So...whatever 355 was...it wasn't dramatic for me in the positive direction.


----------



## cfisher (Sep 7, 2004)

Ok...the usual disclaimer applies...I only talked to 1 tech support guy so take the information with a few grains of salt...

I reported my 622 was having more trouble with 355 than without to the TechSR and he proceeded to log an "annomoly report". 

I'd encourage anyone with 622 issues to do the same!

Additionally, he told me that the 355 software introduced an enhanced ability for the 622 to reboot itself rather than wait for the user to do it.

He suggested that while I wait for engineering to figure out the real cause for the screeching/loss of picture/reboot stuff that I should plug my receiver into a standard wall outlet instead of my powerstrip.

I'm not sure if I should stand on 1 foot while patting my head and hop in a circle while doing that though.


----------



## Mike D-CO5 (Mar 12, 2003)

Well my 622 is now good since the new software update. The audio crackeling is gone and no more popping on either tv1 or tv2. It is like having my old reliable 942 back but with more hd channels of course. I haven't seen any video stutter yet with this update either. This update vastly improved my experience with the 622. The update must have included fixes for both audio and video issues.


----------



## Ron Barry (Dec 10, 2002)

cfisher said:


> It's sad for me to say...but in my very informal observation...my reboots and screeching - no picture freezups have increased DRAMATICALLY since receiving 355.
> 
> I've only been watching HD and recorded HD - DiscoveryHD and Rave and EquatorHD. I do have OTA plugged in but most of them are really low signal - I have to work on my connection.
> 
> ...


If your OTA is fluctuating a lot and you are not getting anything out of it. Try removed it and see if your box stabilizes. This should not cause the problem but might be worth seeing if it is contributing to instability. At a minimum remove the suspect channels.
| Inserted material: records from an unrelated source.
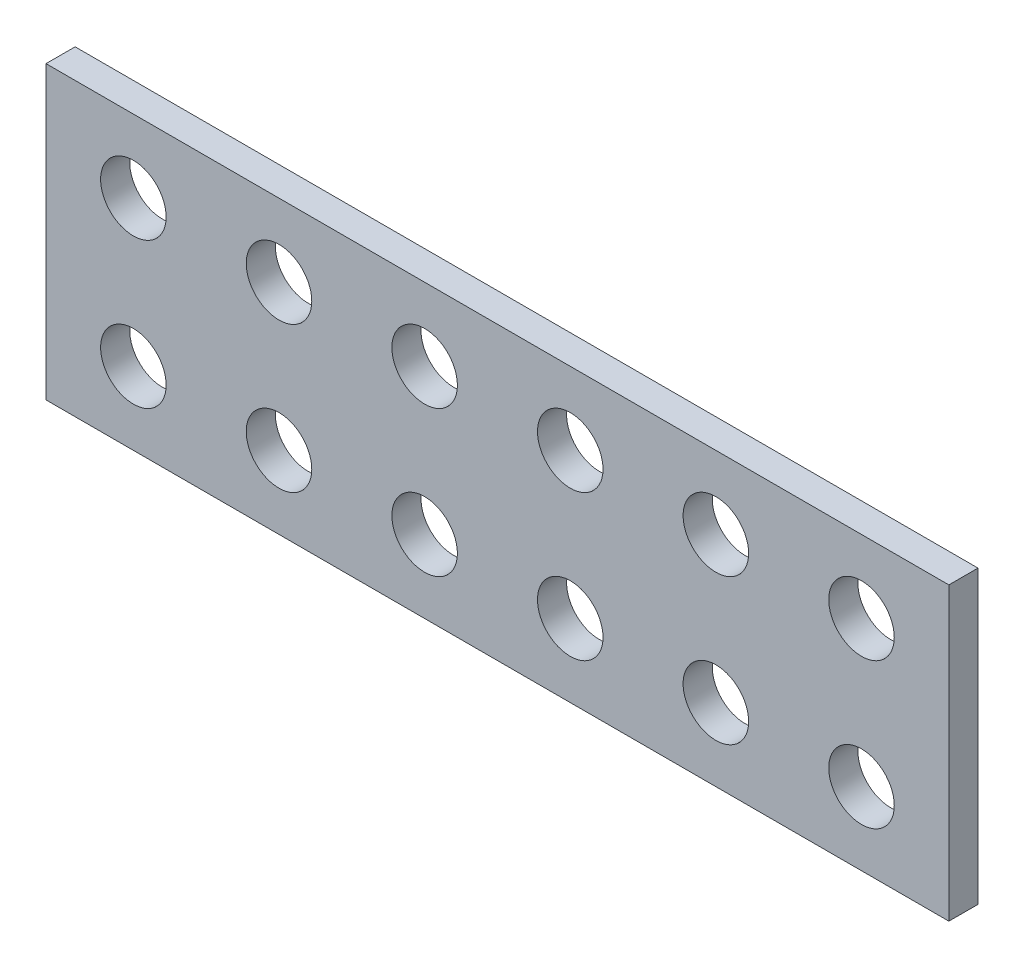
ISO-10303-21;
HEADER;
FILE_DESCRIPTION(('STEP AP214'),'2;1');
FILE_NAME('part.step','',(''),(''),'','','');
FILE_SCHEMA(('AUTOMOTIVE_DESIGN { 1 0 10303 214 1 1 1 1 }'));
ENDSEC;
DATA;
#1=APPLICATION_CONTEXT('core data for automotive mechanical design processes');
#2=APPLICATION_PROTOCOL_DEFINITION('international standard','automotive_design',2000,#1);
#3=PRODUCT_CONTEXT('',#1,'mechanical');
#4=PRODUCT('Part','Part','',(#3));
#5=PRODUCT_RELATED_PRODUCT_CATEGORY('part','',(#4));
#6=PRODUCT_DEFINITION_FORMATION('','',#4);
#7=PRODUCT_DEFINITION_CONTEXT('part definition',#1,'design');
#8=PRODUCT_DEFINITION('design','',#6,#7);
#9=PRODUCT_DEFINITION_SHAPE('','',#8);
#10=(LENGTH_UNIT() NAMED_UNIT(*) SI_UNIT(.MILLI.,.METRE.));
#11=(NAMED_UNIT(*) PLANE_ANGLE_UNIT() SI_UNIT($,.RADIAN.));
#12=(NAMED_UNIT(*) SI_UNIT($,.STERADIAN.) SOLID_ANGLE_UNIT());
#13=UNCERTAINTY_MEASURE_WITH_UNIT(LENGTH_MEASURE(1.E-05),#10,'distance_accuracy_value','');
#14=(GEOMETRIC_REPRESENTATION_CONTEXT(3) GLOBAL_UNCERTAINTY_ASSIGNED_CONTEXT((#13)) GLOBAL_UNIT_ASSIGNED_CONTEXT((#10,
#11,#12)) REPRESENTATION_CONTEXT('',''));
#15=CARTESIAN_POINT('',(0.,0.,0.));
#16=DIRECTION('',(0.,0.,1.));
#17=DIRECTION('',(1.,0.,0.));
#18=AXIS2_PLACEMENT_3D('',#15,#16,#17);
#19=CARTESIAN_POINT('',(0.,0.,4.));
#20=DIRECTION('',(0.,0.,-1.));
#21=DIRECTION('',(-1.,0.,0.));
#22=AXIS2_PLACEMENT_3D('',#19,#20,#21);
#23=PLANE('',#22);
#24=CARTESIAN_POINT('',(20.0000000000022,40.,4.));
#25=DIRECTION('',(0.,0.,1.));
#26=DIRECTION('',(1.,0.,0.));
#27=AXIS2_PLACEMENT_3D('',#24,#25,#26);
#28=CIRCLE('',#27,4.5);
#29=CARTESIAN_POINT('',(24.5000000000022,40.,4.));
#30=VERTEX_POINT('',#29);
#31=EDGE_CURVE('E40',#30,#30,#28,.T.);
#32=ORIENTED_EDGE('',*,*,#31,.F.);
#33=EDGE_LOOP('',(#32));
#34=FACE_BOUND('',#33,.T.);
#35=CARTESIAN_POINT('',(40.0000000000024,20.,4.));
#36=DIRECTION('',(0.,0.,1.));
#37=DIRECTION('',(1.,0.,0.));
#38=AXIS2_PLACEMENT_3D('',#35,#36,#37);
#39=CIRCLE('',#38,4.50000000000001);
#40=CARTESIAN_POINT('',(44.5000000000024,20.,4.));
#41=VERTEX_POINT('',#40);
#42=EDGE_CURVE('E162',#41,#41,#39,.T.);
#43=ORIENTED_EDGE('',*,*,#42,.F.);
#44=EDGE_LOOP('',(#43));
#45=FACE_BOUND('',#44,.T.);
#46=CARTESIAN_POINT('',(60.0000000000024,20.,4.));
#47=DIRECTION('',(0.,0.,1.));
#48=DIRECTION('',(1.,0.,0.));
#49=AXIS2_PLACEMENT_3D('',#46,#47,#48);
#50=CIRCLE('',#49,4.49999999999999);
#51=CARTESIAN_POINT('',(64.5000000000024,20.,4.));
#52=VERTEX_POINT('',#51);
#53=EDGE_CURVE('E168',#52,#52,#50,.T.);
#54=ORIENTED_EDGE('',*,*,#53,.F.);
#55=EDGE_LOOP('',(#54));
#56=FACE_BOUND('',#55,.T.);
#57=CARTESIAN_POINT('',(80.0000000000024,20.,4.));
#58=DIRECTION('',(0.,0.,1.));
#59=DIRECTION('',(1.,0.,0.));
#60=AXIS2_PLACEMENT_3D('',#57,#58,#59);
#61=CIRCLE('',#60,4.50000000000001);
#62=CARTESIAN_POINT('',(84.5000000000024,20.,4.));
#63=VERTEX_POINT('',#62);
#64=EDGE_CURVE('E157',#63,#63,#61,.T.);
#65=ORIENTED_EDGE('',*,*,#64,.F.);
#66=EDGE_LOOP('',(#65));
#67=FACE_BOUND('',#66,.T.);
#68=CARTESIAN_POINT('',(20.0000000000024,20.,4.));
#69=DIRECTION('',(0.,0.,1.));
#70=DIRECTION('',(1.,0.,0.));
#71=AXIS2_PLACEMENT_3D('',#68,#69,#70);
#72=CIRCLE('',#71,4.5);
#73=CARTESIAN_POINT('',(24.5000000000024,20.,4.));
#74=VERTEX_POINT('',#73);
#75=EDGE_CURVE('E108',#74,#74,#72,.T.);
#76=ORIENTED_EDGE('',*,*,#75,.F.);
#77=EDGE_LOOP('',(#76));
#78=FACE_BOUND('',#77,.T.);
#79=CARTESIAN_POINT('',(120.000000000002,20.,4.));
#80=DIRECTION('',(0.,0.,1.));
#81=DIRECTION('',(1.,0.,0.));
#82=AXIS2_PLACEMENT_3D('',#79,#80,#81);
#83=CIRCLE('',#82,4.50000000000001);
#84=CARTESIAN_POINT('',(124.500000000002,20.,4.));
#85=VERTEX_POINT('',#84);
#86=EDGE_CURVE('E146',#85,#85,#83,.T.);
#87=ORIENTED_EDGE('',*,*,#86,.F.);
#88=EDGE_LOOP('',(#87));
#89=FACE_BOUND('',#88,.T.);
#90=CARTESIAN_POINT('',(100.000000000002,20.,4.));
#91=DIRECTION('',(0.,0.,1.));
#92=DIRECTION('',(1.,0.,0.));
#93=AXIS2_PLACEMENT_3D('',#90,#91,#92);
#94=CIRCLE('',#93,4.50000000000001);
#95=CARTESIAN_POINT('',(104.500000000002,20.,4.));
#96=VERTEX_POINT('',#95);
#97=EDGE_CURVE('E145',#96,#96,#94,.T.);
#98=ORIENTED_EDGE('',*,*,#97,.F.);
#99=EDGE_LOOP('',(#98));
#100=FACE_BOUND('',#99,.T.);
#101=CARTESIAN_POINT('',(120.000000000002,40.,4.));
#102=DIRECTION('',(0.,0.,1.));
#103=DIRECTION('',(1.,0.,0.));
#104=AXIS2_PLACEMENT_3D('',#101,#102,#103);
#105=CIRCLE('',#104,4.50000000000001);
#106=CARTESIAN_POINT('',(124.500000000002,40.,4.));
#107=VERTEX_POINT('',#106);
#108=EDGE_CURVE('E138',#107,#107,#105,.T.);
#109=ORIENTED_EDGE('',*,*,#108,.F.);
#110=EDGE_LOOP('',(#109));
#111=FACE_BOUND('',#110,.T.);
#112=CARTESIAN_POINT('',(100.000000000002,40.,4.));
#113=DIRECTION('',(0.,0.,1.));
#114=DIRECTION('',(1.,0.,0.));
#115=AXIS2_PLACEMENT_3D('',#112,#113,#114);
#116=CIRCLE('',#115,4.50000000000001);
#117=CARTESIAN_POINT('',(104.500000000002,40.,4.));
#118=VERTEX_POINT('',#117);
#119=EDGE_CURVE('E132',#118,#118,#116,.T.);
#120=ORIENTED_EDGE('',*,*,#119,.F.);
#121=EDGE_LOOP('',(#120));
#122=FACE_BOUND('',#121,.T.);
#123=CARTESIAN_POINT('',(80.0000000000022,40.,4.));
#124=DIRECTION('',(0.,0.,1.));
#125=DIRECTION('',(1.,0.,0.));
#126=AXIS2_PLACEMENT_3D('',#123,#124,#125);
#127=CIRCLE('',#126,4.50000000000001);
#128=CARTESIAN_POINT('',(84.5000000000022,40.,4.));
#129=VERTEX_POINT('',#128);
#130=EDGE_CURVE('E126',#129,#129,#127,.T.);
#131=ORIENTED_EDGE('',*,*,#130,.F.);
#132=EDGE_LOOP('',(#131));
#133=FACE_BOUND('',#132,.T.);
#134=CARTESIAN_POINT('',(60.0000000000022,40.,4.));
#135=DIRECTION('',(0.,0.,1.));
#136=DIRECTION('',(1.,0.,0.));
#137=AXIS2_PLACEMENT_3D('',#134,#135,#136);
#138=CIRCLE('',#137,4.50000000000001);
#139=CARTESIAN_POINT('',(64.5000000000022,40.,4.));
#140=VERTEX_POINT('',#139);
#141=EDGE_CURVE('E120',#140,#140,#138,.T.);
#142=ORIENTED_EDGE('',*,*,#141,.F.);
#143=EDGE_LOOP('',(#142));
#144=FACE_BOUND('',#143,.T.);
#145=CARTESIAN_POINT('',(40.0000000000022,40.,4.));
#146=DIRECTION('',(0.,0.,1.));
#147=DIRECTION('',(1.,0.,0.));
#148=AXIS2_PLACEMENT_3D('',#145,#146,#147);
#149=CIRCLE('',#148,4.50000000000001);
#150=CARTESIAN_POINT('',(44.5000000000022,40.,4.));
#151=VERTEX_POINT('',#150);
#152=EDGE_CURVE('E114',#151,#151,#149,.T.);
#153=ORIENTED_EDGE('',*,*,#152,.F.);
#154=EDGE_LOOP('',(#153));
#155=FACE_BOUND('',#154,.T.);
#156=DIRECTION('',(0.,-1.,0.));
#157=VECTOR('',#156,1.);
#158=CARTESIAN_POINT('',(8.,10.,4.));
#159=LINE('',#158,#157);
#160=CARTESIAN_POINT('',(8.,50.,4.));
#161=VERTEX_POINT('',#160);
#162=CARTESIAN_POINT('',(8.00000000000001,10.,4.));
#163=VERTEX_POINT('',#162);
#164=EDGE_CURVE('E100',#161,#163,#159,.T.);
#165=ORIENTED_EDGE('',*,*,#164,.T.);
#166=DIRECTION('',(1.,0.,0.));
#167=VECTOR('',#166,1.);
#168=CARTESIAN_POINT('',(8.,10.,4.));
#169=LINE('',#168,#167);
#170=CARTESIAN_POINT('',(132.,10.,4.));
#171=VERTEX_POINT('',#170);
#172=EDGE_CURVE('E103',#163,#171,#169,.T.);
#173=ORIENTED_EDGE('',*,*,#172,.T.);
#174=DIRECTION('',(0.,1.,0.));
#175=VECTOR('',#174,1.);
#176=CARTESIAN_POINT('',(132.,10.,4.));
#177=LINE('',#176,#175);
#178=CARTESIAN_POINT('',(132.,50.,4.));
#179=VERTEX_POINT('',#178);
#180=EDGE_CURVE('E51',#171,#179,#177,.T.);
#181=ORIENTED_EDGE('',*,*,#180,.T.);
#182=DIRECTION('',(-1.,0.,0.));
#183=VECTOR('',#182,1.);
#184=CARTESIAN_POINT('',(8.,50.,4.));
#185=LINE('',#184,#183);
#186=EDGE_CURVE('E83',#179,#161,#185,.T.);
#187=ORIENTED_EDGE('',*,*,#186,.T.);
#188=EDGE_LOOP('',(#165,#173,#181,#187));
#189=FACE_BOUND('',#188,.T.);
#190=ADVANCED_FACE('F36',(#34,#45,#56,#67,#78,#89,#100,#111,#122,#133,#144,#155,#189),#23,.F.);
#191=CARTESIAN_POINT('',(0.,0.,0.));
#192=DIRECTION('',(0.,0.,-1.));
#193=DIRECTION('',(-1.,0.,0.));
#194=AXIS2_PLACEMENT_3D('',#191,#192,#193);
#195=PLANE('',#194);
#196=CARTESIAN_POINT('',(20.0000000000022,40.,0.));
#197=DIRECTION('',(0.,0.,1.));
#198=DIRECTION('',(1.,0.,0.));
#199=AXIS2_PLACEMENT_3D('',#196,#197,#198);
#200=CIRCLE('',#199,4.5);
#201=CARTESIAN_POINT('',(24.5000000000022,40.,0.));
#202=VERTEX_POINT('',#201);
#203=EDGE_CURVE('E12',#202,#202,#200,.T.);
#204=ORIENTED_EDGE('',*,*,#203,.T.);
#205=EDGE_LOOP('',(#204));
#206=FACE_BOUND('',#205,.T.);
#207=CARTESIAN_POINT('',(40.0000000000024,20.,0.));
#208=DIRECTION('',(0.,0.,1.));
#209=DIRECTION('',(1.,0.,0.));
#210=AXIS2_PLACEMENT_3D('',#207,#208,#209);
#211=CIRCLE('',#210,4.50000000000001);
#212=CARTESIAN_POINT('',(44.5000000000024,20.,0.));
#213=VERTEX_POINT('',#212);
#214=EDGE_CURVE('E141',#213,#213,#211,.T.);
#215=ORIENTED_EDGE('',*,*,#214,.T.);
#216=EDGE_LOOP('',(#215));
#217=FACE_BOUND('',#216,.T.);
#218=CARTESIAN_POINT('',(60.0000000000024,20.,0.));
#219=DIRECTION('',(0.,0.,1.));
#220=DIRECTION('',(1.,0.,0.));
#221=AXIS2_PLACEMENT_3D('',#218,#219,#220);
#222=CIRCLE('',#221,4.49999999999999);
#223=CARTESIAN_POINT('',(64.5000000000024,20.,0.));
#224=VERTEX_POINT('',#223);
#225=EDGE_CURVE('E165',#224,#224,#222,.T.);
#226=ORIENTED_EDGE('',*,*,#225,.T.);
#227=EDGE_LOOP('',(#226));
#228=FACE_BOUND('',#227,.T.);
#229=CARTESIAN_POINT('',(80.0000000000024,20.,0.));
#230=DIRECTION('',(0.,0.,1.));
#231=DIRECTION('',(1.,0.,0.));
#232=AXIS2_PLACEMENT_3D('',#229,#230,#231);
#233=CIRCLE('',#232,4.50000000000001);
#234=CARTESIAN_POINT('',(84.5000000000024,20.,0.));
#235=VERTEX_POINT('',#234);
#236=EDGE_CURVE('E171',#235,#235,#233,.T.);
#237=ORIENTED_EDGE('',*,*,#236,.T.);
#238=EDGE_LOOP('',(#237));
#239=FACE_BOUND('',#238,.T.);
#240=CARTESIAN_POINT('',(20.0000000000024,20.,0.));
#241=DIRECTION('',(0.,0.,1.));
#242=DIRECTION('',(1.,0.,0.));
#243=AXIS2_PLACEMENT_3D('',#240,#241,#242);
#244=CIRCLE('',#243,4.5);
#245=CARTESIAN_POINT('',(24.5000000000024,20.,0.));
#246=VERTEX_POINT('',#245);
#247=EDGE_CURVE('E149',#246,#246,#244,.T.);
#248=ORIENTED_EDGE('',*,*,#247,.T.);
#249=EDGE_LOOP('',(#248));
#250=FACE_BOUND('',#249,.T.);
#251=CARTESIAN_POINT('',(120.000000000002,20.,0.));
#252=DIRECTION('',(0.,0.,1.));
#253=DIRECTION('',(1.,0.,0.));
#254=AXIS2_PLACEMENT_3D('',#251,#252,#253);
#255=CIRCLE('',#254,4.50000000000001);
#256=CARTESIAN_POINT('',(124.500000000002,20.,0.));
#257=VERTEX_POINT('',#256);
#258=EDGE_CURVE('E142',#257,#257,#255,.T.);
#259=ORIENTED_EDGE('',*,*,#258,.T.);
#260=EDGE_LOOP('',(#259));
#261=FACE_BOUND('',#260,.T.);
#262=CARTESIAN_POINT('',(100.000000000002,20.,0.));
#263=DIRECTION('',(0.,0.,1.));
#264=DIRECTION('',(1.,0.,0.));
#265=AXIS2_PLACEMENT_3D('',#262,#263,#264);
#266=CIRCLE('',#265,4.50000000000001);
#267=CARTESIAN_POINT('',(104.500000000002,20.,0.));
#268=VERTEX_POINT('',#267);
#269=EDGE_CURVE('E154',#268,#268,#266,.T.);
#270=ORIENTED_EDGE('',*,*,#269,.T.);
#271=EDGE_LOOP('',(#270));
#272=FACE_BOUND('',#271,.T.);
#273=CARTESIAN_POINT('',(120.000000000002,40.,0.));
#274=DIRECTION('',(0.,0.,1.));
#275=DIRECTION('',(1.,0.,0.));
#276=AXIS2_PLACEMENT_3D('',#273,#274,#275);
#277=CIRCLE('',#276,4.50000000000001);
#278=CARTESIAN_POINT('',(124.500000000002,40.,0.));
#279=VERTEX_POINT('',#278);
#280=EDGE_CURVE('E135',#279,#279,#277,.T.);
#281=ORIENTED_EDGE('',*,*,#280,.T.);
#282=EDGE_LOOP('',(#281));
#283=FACE_BOUND('',#282,.T.);
#284=CARTESIAN_POINT('',(100.000000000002,40.,0.));
#285=DIRECTION('',(0.,0.,1.));
#286=DIRECTION('',(1.,0.,0.));
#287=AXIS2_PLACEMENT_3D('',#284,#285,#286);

How many incidents have you had?


----------



## ClarkBar (Mar 5, 2006)

Although I had intermittent dropouts of audio and video on HDMI input to my Sammy DLP before, once L355 downloaded, I lost ALL HDMI audio/video. Plus, I lost Component video from 622 to Sammy. I had connnected Component as backup when L352 started HDMI dropouts. All that now works on TV1 (on SD and HD) is toslink audio to my amp, S-Video from 622 to Sammy DLP and audio/video to analog TV2 set in bedroom run from RF modulator over a piece of coax. RCA composite audio from 622 still works on TV1, althought I usually listen via Yamaha 7.1 amp and toslink. Tried HDMI cable swaps, Component 1 versus Component 2 swap on Sammy, power reboot and pulling plug, switch checks. Still no HDMI or Component output. HDMI and Component cables run directly into Sammy HDTV, not through amp. Component input on Sammy okay, as DVD works fine in either C1 or C2. To make one more test, I am going to buy adapter for HDMI to DVI, since I know my Sammy DVI worked fine on 811 DVI output. All channels get good signal strength - and pause, record, etc. works normally. 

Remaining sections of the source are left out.